WORK INSTRUCTIONS
Copy out exactly the stretch below, from the line with "libraries: vrlib x1" through the line with "From Workspace9 : FromWorkspace", both included; the pictures stay out.

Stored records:

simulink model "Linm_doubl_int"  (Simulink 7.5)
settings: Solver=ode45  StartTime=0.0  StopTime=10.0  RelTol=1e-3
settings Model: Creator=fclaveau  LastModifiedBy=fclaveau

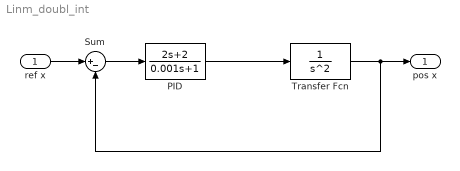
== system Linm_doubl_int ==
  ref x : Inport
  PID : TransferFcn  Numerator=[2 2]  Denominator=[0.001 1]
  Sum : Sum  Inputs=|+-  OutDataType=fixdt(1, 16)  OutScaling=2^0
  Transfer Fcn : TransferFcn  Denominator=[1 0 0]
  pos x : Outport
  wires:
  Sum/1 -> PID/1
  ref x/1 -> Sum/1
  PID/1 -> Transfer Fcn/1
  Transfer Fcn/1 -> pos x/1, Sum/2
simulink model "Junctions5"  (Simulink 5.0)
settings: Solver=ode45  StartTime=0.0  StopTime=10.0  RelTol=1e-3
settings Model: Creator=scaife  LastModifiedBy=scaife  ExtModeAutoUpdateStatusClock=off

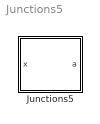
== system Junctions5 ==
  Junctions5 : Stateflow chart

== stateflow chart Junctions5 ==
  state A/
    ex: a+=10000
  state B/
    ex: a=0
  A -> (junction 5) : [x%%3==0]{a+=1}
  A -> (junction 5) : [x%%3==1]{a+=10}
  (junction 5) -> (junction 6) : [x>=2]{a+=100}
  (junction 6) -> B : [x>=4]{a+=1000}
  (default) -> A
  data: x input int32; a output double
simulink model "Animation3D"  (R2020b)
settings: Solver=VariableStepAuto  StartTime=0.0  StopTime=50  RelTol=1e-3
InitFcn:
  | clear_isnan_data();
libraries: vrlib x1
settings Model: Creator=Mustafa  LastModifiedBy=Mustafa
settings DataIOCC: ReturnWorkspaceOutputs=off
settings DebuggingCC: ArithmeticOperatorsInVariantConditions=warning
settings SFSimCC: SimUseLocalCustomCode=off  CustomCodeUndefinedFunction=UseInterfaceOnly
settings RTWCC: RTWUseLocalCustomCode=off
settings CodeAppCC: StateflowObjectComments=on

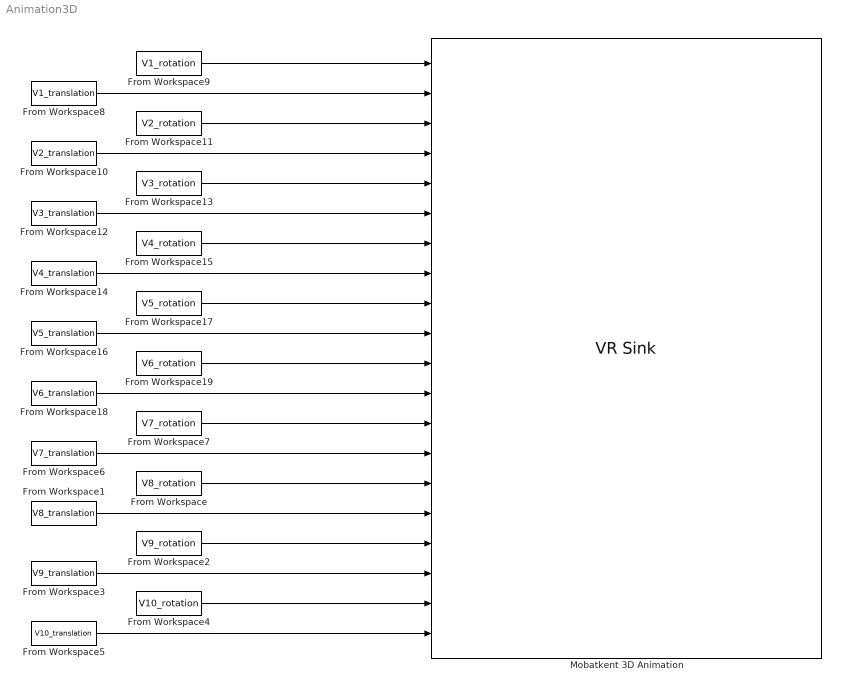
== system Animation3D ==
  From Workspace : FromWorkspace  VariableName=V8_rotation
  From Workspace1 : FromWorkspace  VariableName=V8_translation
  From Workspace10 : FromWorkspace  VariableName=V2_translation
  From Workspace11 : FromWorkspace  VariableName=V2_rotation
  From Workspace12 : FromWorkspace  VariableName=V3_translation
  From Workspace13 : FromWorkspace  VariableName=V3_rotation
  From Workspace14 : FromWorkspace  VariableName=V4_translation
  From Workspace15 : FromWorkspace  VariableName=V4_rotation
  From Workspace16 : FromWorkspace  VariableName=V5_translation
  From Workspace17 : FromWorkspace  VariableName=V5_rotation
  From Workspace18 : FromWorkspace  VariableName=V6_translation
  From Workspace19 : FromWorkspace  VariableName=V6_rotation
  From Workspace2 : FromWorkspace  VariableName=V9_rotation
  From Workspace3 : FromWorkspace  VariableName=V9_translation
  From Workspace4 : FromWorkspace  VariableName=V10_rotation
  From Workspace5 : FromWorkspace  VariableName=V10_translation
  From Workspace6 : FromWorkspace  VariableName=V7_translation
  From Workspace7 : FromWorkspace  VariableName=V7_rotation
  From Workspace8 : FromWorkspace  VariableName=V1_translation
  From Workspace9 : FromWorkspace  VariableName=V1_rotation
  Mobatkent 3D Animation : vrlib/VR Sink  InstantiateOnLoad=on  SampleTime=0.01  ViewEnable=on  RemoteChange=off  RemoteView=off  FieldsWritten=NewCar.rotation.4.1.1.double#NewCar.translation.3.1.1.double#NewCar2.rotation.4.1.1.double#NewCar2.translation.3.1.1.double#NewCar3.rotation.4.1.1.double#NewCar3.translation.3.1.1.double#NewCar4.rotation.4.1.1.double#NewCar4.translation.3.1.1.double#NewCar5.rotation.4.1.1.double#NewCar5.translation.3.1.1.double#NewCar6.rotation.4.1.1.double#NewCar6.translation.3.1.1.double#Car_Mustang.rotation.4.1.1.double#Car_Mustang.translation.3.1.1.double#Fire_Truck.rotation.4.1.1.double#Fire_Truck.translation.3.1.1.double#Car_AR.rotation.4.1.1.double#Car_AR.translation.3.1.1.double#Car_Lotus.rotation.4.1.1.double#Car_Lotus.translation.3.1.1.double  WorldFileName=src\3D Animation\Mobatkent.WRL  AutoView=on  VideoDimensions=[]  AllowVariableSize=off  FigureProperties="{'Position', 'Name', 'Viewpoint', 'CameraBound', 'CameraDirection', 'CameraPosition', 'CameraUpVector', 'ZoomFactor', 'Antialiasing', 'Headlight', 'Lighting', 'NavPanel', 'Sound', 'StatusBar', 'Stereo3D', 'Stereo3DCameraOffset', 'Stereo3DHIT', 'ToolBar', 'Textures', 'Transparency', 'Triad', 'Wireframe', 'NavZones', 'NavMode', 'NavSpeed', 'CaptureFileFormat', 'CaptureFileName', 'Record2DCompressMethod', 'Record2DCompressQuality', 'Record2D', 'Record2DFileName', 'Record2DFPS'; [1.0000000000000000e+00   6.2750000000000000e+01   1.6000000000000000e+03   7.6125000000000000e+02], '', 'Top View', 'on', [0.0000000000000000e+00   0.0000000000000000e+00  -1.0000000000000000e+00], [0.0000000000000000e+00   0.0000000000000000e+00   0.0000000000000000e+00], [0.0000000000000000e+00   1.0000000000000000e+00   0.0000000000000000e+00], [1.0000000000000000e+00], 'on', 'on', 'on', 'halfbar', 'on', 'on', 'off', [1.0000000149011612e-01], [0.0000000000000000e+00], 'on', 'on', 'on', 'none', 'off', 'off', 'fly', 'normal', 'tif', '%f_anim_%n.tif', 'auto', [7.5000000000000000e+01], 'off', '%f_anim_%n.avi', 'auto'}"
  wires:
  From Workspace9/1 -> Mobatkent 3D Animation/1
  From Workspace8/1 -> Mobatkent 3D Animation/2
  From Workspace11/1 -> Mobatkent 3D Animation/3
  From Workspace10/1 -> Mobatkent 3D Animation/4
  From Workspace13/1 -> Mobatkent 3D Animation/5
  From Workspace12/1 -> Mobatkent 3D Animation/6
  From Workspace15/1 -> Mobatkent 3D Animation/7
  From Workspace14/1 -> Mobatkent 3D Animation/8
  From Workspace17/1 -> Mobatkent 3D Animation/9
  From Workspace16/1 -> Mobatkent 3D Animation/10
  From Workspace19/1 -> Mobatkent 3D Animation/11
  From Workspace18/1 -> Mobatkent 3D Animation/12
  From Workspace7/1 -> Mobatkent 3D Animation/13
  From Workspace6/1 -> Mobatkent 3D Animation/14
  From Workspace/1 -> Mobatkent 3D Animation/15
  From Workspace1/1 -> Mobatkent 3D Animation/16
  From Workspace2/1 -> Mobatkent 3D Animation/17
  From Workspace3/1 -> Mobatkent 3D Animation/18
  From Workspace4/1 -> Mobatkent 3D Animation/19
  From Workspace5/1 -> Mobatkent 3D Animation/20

FINISHED TASK
libraries: vrlib x1
settings Model: Creator=Mustafa  LastModifiedBy=Mustafa
settings DataIOCC: ReturnWorkspaceOutputs=off
settings DebuggingCC: ArithmeticOperatorsInVariantConditions=warning
settings SFSimCC: SimUseLocalCustomCode=off  CustomCodeUndefinedFunction=UseInterfaceOnly
settings RTWCC: RTWUseLocalCustomCode=off
settings CodeAppCC: StateflowObjectComments=on

== system Animation3D ==
  From Workspace : FromWorkspace  VariableName=V8_rotation
  From Workspace1 : FromWorkspace  VariableName=V8_translation
  From Workspace10 : FromWorkspace  VariableName=V2_translation
  From Workspace11 : FromWorkspace  VariableName=V2_rotation
  From Workspace12 : FromWorkspace  VariableName=V3_translation
  From Workspace13 : FromWorkspace  VariableName=V3_rotation
  From Workspace14 : FromWorkspace  VariableName=V4_translation
  From Workspace15 : FromWorkspace  VariableName=V4_rotation
  From Workspace16 : FromWorkspace  VariableName=V5_translation
  From Workspace17 : FromWorkspace  VariableName=V5_rotation
  From Workspace18 : FromWorkspace  VariableName=V6_translation
  From Workspace19 : FromWorkspace  VariableName=V6_rotation
  From Workspace2 : FromWorkspace  VariableName=V9_rotation
  From Workspace3 : FromWorkspace  VariableName=V9_translation
  From Workspace4 : FromWorkspace  VariableName=V10_rotation
  From Workspace5 : FromWorkspace  VariableName=V10_translation
  From Workspace6 : FromWorkspace  VariableName=V7_translation
  From Workspace7 : FromWorkspace  VariableName=V7_rotation
  From Workspace8 : FromWorkspace  VariableName=V1_translation
  From Workspace9 : FromWorkspace  VariableName=V1_rotation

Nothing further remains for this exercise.